### [Work instruction]
The stretch wanted below opens at the line containing "import ezdxf" and closes at the line containing "layer by layer". Please return it exactly, with no other lines.
[Opening Information shown section]
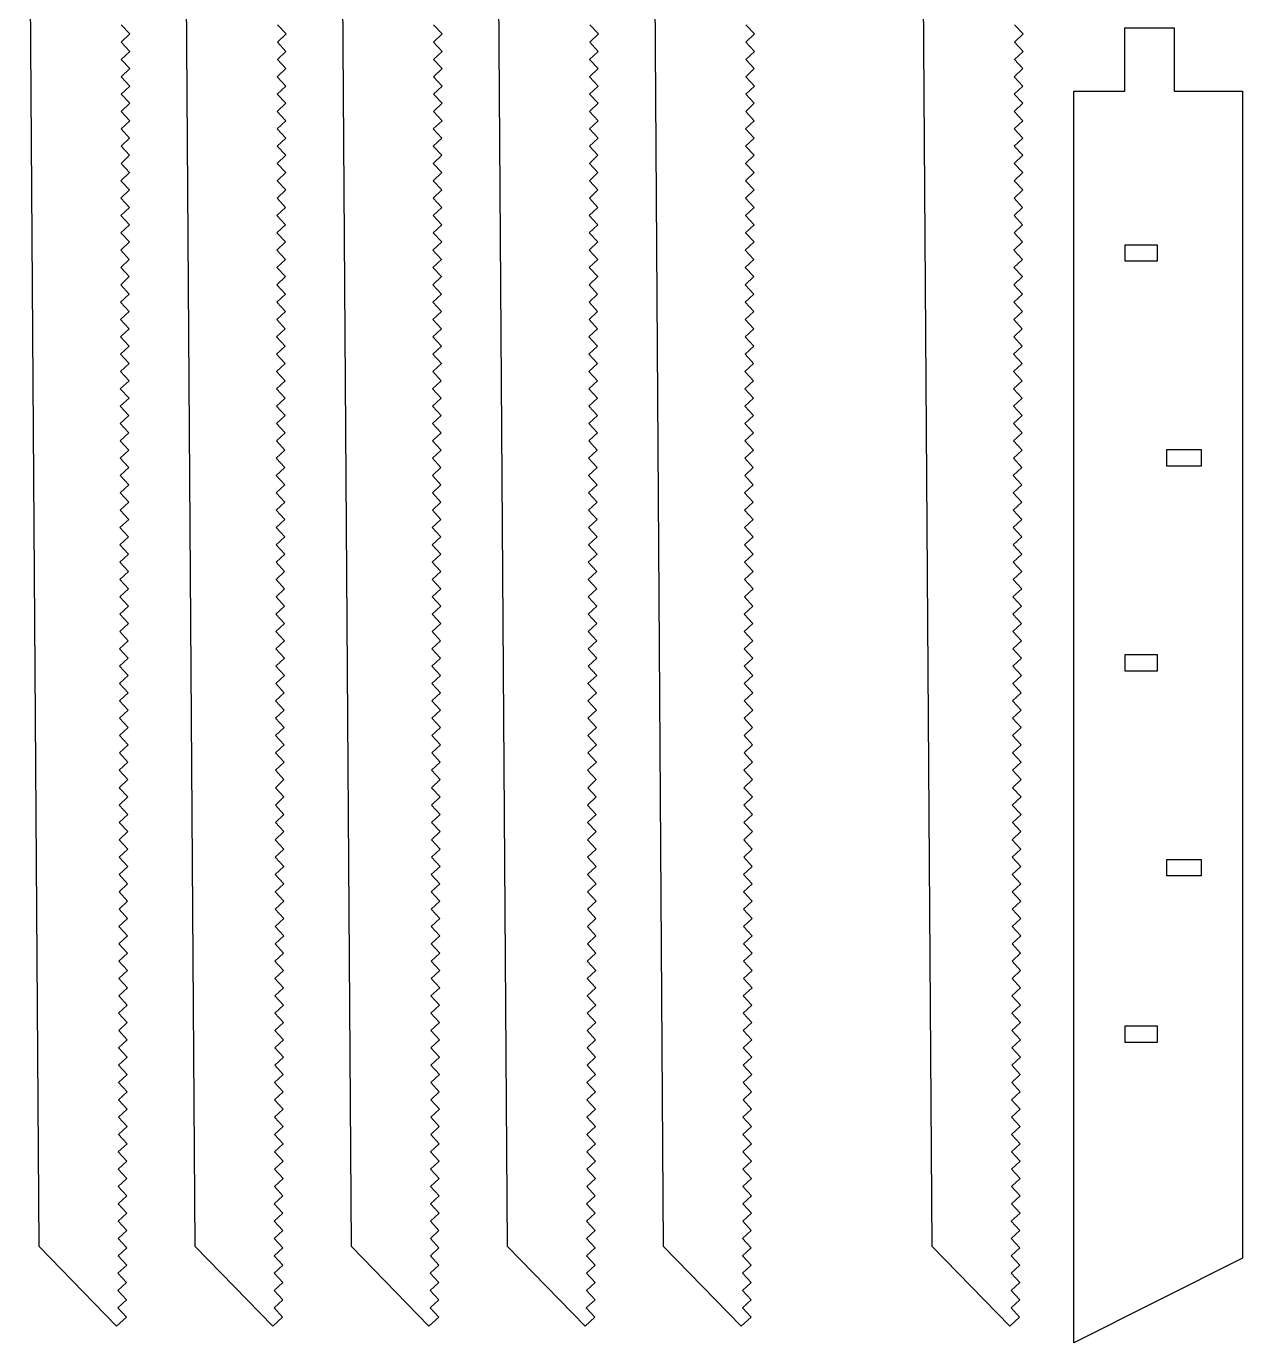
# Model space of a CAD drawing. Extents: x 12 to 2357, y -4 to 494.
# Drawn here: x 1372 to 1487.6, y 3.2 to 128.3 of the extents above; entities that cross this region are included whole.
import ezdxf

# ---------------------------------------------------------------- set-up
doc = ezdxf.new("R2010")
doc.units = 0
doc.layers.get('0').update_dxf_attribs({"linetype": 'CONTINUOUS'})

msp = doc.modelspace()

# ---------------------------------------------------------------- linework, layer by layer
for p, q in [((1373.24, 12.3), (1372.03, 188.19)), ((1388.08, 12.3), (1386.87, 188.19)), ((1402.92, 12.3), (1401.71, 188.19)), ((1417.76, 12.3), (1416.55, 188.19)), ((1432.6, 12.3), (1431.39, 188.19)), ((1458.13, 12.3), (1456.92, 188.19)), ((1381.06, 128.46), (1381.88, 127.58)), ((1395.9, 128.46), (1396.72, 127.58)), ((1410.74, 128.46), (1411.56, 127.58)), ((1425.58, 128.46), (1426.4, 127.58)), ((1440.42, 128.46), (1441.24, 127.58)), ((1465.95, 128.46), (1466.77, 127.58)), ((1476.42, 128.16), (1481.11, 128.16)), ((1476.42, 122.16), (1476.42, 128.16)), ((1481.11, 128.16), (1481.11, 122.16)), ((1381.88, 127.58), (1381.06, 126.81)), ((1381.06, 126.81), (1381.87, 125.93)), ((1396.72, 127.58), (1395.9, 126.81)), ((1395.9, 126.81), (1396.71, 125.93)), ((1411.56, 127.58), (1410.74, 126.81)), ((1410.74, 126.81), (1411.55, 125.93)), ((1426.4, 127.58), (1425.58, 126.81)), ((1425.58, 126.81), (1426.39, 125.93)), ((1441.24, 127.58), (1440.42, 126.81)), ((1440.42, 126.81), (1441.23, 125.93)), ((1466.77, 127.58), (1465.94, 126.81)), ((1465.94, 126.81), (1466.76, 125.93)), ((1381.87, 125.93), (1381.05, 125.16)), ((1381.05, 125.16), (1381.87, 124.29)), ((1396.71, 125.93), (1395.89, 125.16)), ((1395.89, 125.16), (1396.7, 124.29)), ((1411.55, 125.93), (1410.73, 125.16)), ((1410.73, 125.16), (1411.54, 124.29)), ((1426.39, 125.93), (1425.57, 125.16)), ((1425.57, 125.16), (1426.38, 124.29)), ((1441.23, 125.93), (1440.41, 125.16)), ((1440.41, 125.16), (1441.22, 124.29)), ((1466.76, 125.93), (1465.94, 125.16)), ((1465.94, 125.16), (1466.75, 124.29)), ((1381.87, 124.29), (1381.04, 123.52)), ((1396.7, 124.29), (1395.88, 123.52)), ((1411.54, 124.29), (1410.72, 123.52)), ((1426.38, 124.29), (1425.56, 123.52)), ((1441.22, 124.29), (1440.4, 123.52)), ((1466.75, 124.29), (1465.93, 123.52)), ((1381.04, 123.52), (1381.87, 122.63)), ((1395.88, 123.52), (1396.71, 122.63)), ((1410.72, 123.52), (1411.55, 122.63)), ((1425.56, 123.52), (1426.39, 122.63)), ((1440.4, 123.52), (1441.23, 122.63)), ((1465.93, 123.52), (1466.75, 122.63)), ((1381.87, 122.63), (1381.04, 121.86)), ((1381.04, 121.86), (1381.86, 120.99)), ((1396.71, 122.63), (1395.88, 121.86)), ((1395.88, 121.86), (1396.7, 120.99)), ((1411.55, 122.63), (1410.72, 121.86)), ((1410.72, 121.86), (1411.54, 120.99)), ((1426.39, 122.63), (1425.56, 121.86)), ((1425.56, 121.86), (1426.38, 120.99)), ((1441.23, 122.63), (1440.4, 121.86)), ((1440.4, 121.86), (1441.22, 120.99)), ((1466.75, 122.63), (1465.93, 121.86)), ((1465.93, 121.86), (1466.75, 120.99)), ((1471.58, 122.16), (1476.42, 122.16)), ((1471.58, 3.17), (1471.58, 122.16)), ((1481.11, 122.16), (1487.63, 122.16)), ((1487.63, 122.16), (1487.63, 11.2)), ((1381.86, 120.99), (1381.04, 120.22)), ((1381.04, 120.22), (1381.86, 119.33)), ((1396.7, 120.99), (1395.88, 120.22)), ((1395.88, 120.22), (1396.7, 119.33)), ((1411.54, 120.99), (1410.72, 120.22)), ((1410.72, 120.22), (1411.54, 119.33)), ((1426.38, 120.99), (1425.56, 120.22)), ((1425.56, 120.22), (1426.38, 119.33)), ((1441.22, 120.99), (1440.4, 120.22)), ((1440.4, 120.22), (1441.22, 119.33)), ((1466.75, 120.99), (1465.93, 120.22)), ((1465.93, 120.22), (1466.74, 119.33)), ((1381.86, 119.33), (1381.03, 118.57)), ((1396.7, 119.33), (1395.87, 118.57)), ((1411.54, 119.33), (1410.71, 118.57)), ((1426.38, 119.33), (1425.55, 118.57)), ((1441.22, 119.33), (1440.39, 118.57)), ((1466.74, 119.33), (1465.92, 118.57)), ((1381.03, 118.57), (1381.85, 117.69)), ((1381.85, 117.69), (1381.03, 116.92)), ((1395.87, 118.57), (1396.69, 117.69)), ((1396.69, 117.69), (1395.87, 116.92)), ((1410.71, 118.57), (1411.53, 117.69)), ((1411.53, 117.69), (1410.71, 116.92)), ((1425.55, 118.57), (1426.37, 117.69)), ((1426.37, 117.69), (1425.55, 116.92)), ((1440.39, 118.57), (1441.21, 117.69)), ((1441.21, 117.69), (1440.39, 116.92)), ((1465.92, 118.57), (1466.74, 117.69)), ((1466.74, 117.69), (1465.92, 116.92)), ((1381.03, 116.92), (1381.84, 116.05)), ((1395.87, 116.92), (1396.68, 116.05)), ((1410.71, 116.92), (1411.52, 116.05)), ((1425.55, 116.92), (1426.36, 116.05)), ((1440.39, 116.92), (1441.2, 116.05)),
[Closing Information shown section]
### [Exercise solution]
import ezdxf

# ---------------------------------------------------------------- set-up
doc = ezdxf.new("R2010")
doc.units = 0
doc.layers.get('0').update_dxf_attribs({"linetype": 'CONTINUOUS'})

msp = doc.modelspace()

# ---------------------------------------------------------------- linework, layer by layer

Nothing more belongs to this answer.